Delta III Launch Vehicle Ascent Problem
For a description of the minimum time to climb problem, see the JupyterLab notebook documentation for this problem.
The python script in this example can be executed from the command line with:
$ python -m yapss.examples.delta_iii_ascent
Functions
YAPSS solution of the Delta III ascent trajectory optimization problem.
- main() None[source]
Demonstrate the solution to the Delta III ascent trajectory optimization problem.
Code
"""
YAPSS solution of the Delta III ascent trajectory optimization problem.
"""
# N803 Argument name should be lowercase
# N806 Variable in function should be lowercase
# ruff: noqa: N803, N806
from __future__ import annotations
__all__ = ["main", "plot_solution", "setup"]
import warnings
# standard library imports
from typing import TYPE_CHECKING, Any
import numpy as np
# third party imports
from matplotlib import pyplot as plt
# package imports
from yapss import ContinuousArg, DiscreteArg, ObjectiveArg, Problem, Solution
from yapss.math import arccos, cos, exp, pi, sin, sqrt
if TYPE_CHECKING:
# package imports
from yapss import Solution
# Suppress only the specific RuntimeWarning message
warnings.filterwarnings(
"ignore",
message="invalid value encountered in divide",
category=RuntimeWarning,
)
# Dynamic Model Parameters
mu = 3.986012e14 # earth gravity parameter
R_e = 6378145.0 # earth radius
g0 = 9.80665 # sea-level gravity
h0 = 7200.0 # atmospheric density scale height
rho0 = 1.225 # sea-level air density
omega_e = 7.29211585e-5 # earth rotation rate
CD = 0.5 # coefficient of drag
S = 4 * pi # aerodynamic reference area
psi_l = 28.5 * pi / 180.0 # latitude of launch site
q_max = 100000.0 # dynamic pressure bound
# Vehicle parameters
# srb, first stage, second stage, payload masses (kg)

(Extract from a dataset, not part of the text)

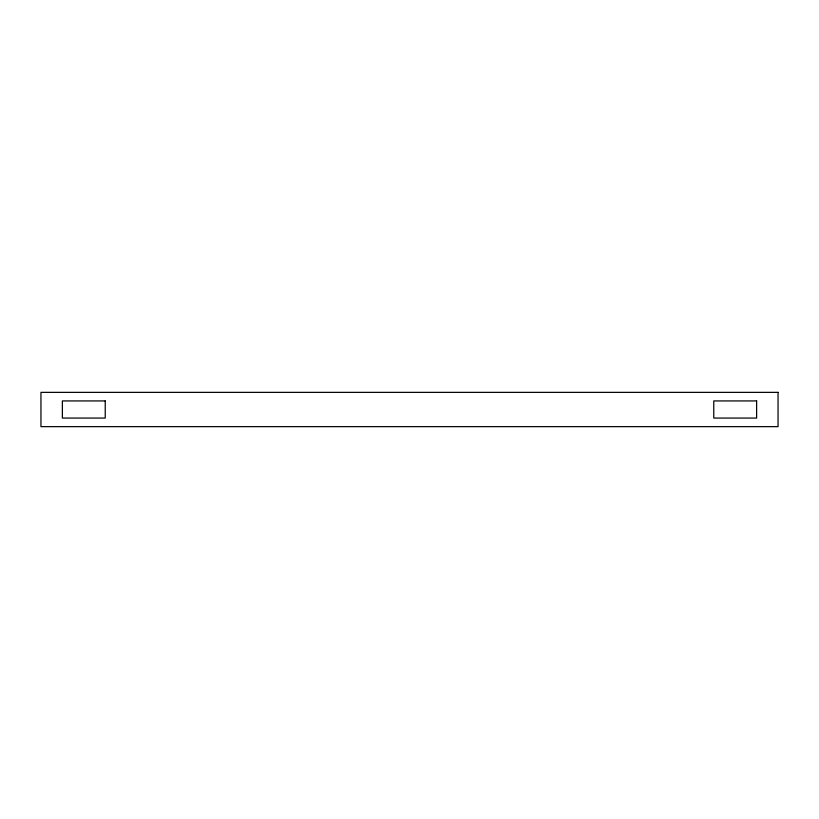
<?xml version="1.0" encoding="UTF-8"?>
<svg xmlns="http://www.w3.org/2000/svg" width="819" height="819" viewBox="0 0 819 819"><rect width="100%" height="100%" fill="white"/><g stroke="black" fill="none" stroke-linecap="round" stroke-linejoin="round"><path stroke-width="1.23" d="M778.05 392.362L40.95 392.362L40.95 426.638L778.05 426.638L778.05 392.362M105.231 400.931L62.377 400.931L62.377 418.069L105.231 418.069L105.231 400.931M756.623 400.931L713.769 400.931L713.769 418.069L756.623 418.069L756.623 400.931"/></g></svg>
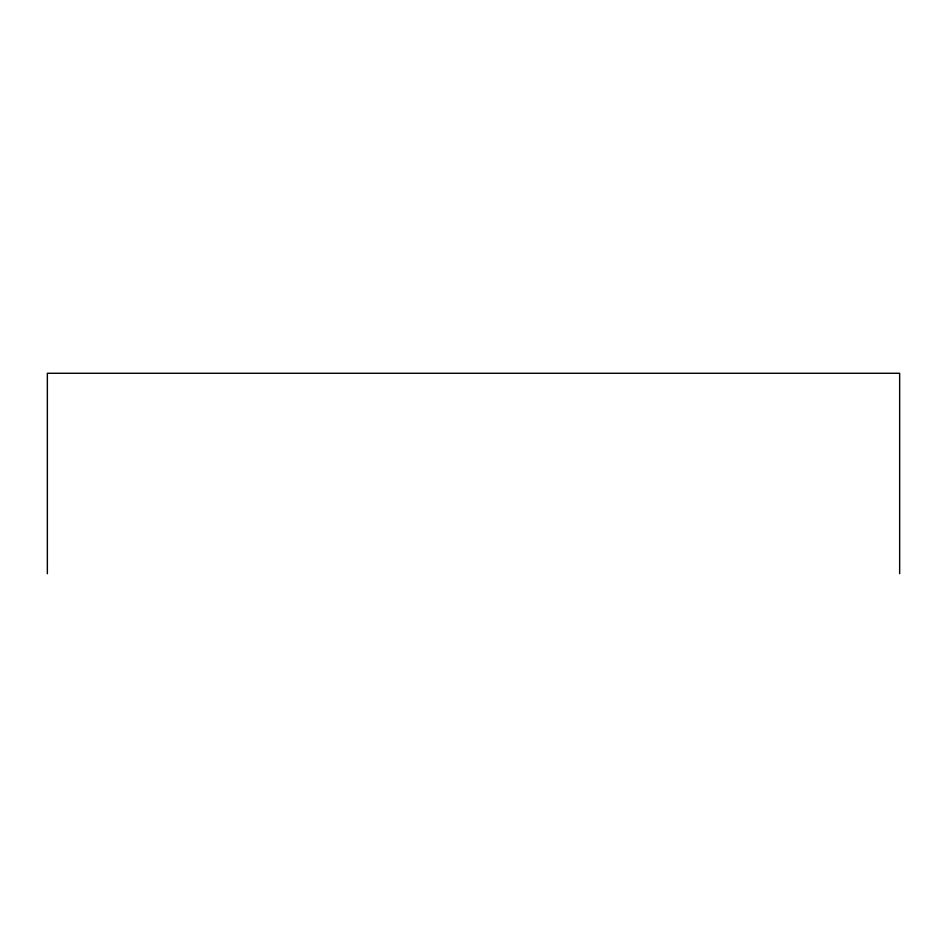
<?xml version="1.0" encoding="UTF-8"?>
<svg xmlns="http://www.w3.org/2000/svg" width="947" height="947" viewBox="0 0 947 947"><rect width="100%" height="100%" fill="white"/><g stroke="black" fill="none" stroke-linecap="round" stroke-linejoin="round"><path stroke-width="1.42" d="M899.65 573.716L899.65 373.284L47.35 373.284L47.35 573.716"/></g></svg>

pi_s, pi_1, pi_2, pi_p = 19290.0, 104380.0, 19300.0, 4164.0
# propellant masses (kg)
rho_s, rho_1, rho_2 = 17010.0, 95550.0, 16820.0
# dry masses
phi_s = pi_s - rho_s
phi_1 = pi_1 - rho_1
phi_2 = pi_2 - rho_2
# srb, first stage, second stage thrust (N)
Ts, T1, T2 = 628500.0, 1083100.0, 110094.0
# burn times
tau_s, tau_1, tau_2 = 75.2, 261.0, 700.0
# initial total mass of vehicle
m_total = 9 * pi_s + pi_1 + pi_2 + pi_p
# initial time for each phase
t0, t1, t2, t3 = 0.0, 75.2, 150.4, 261.0
# max final time
t4_max = t3 + tau_2
# srb, first stage, second stage specific impulse (sec)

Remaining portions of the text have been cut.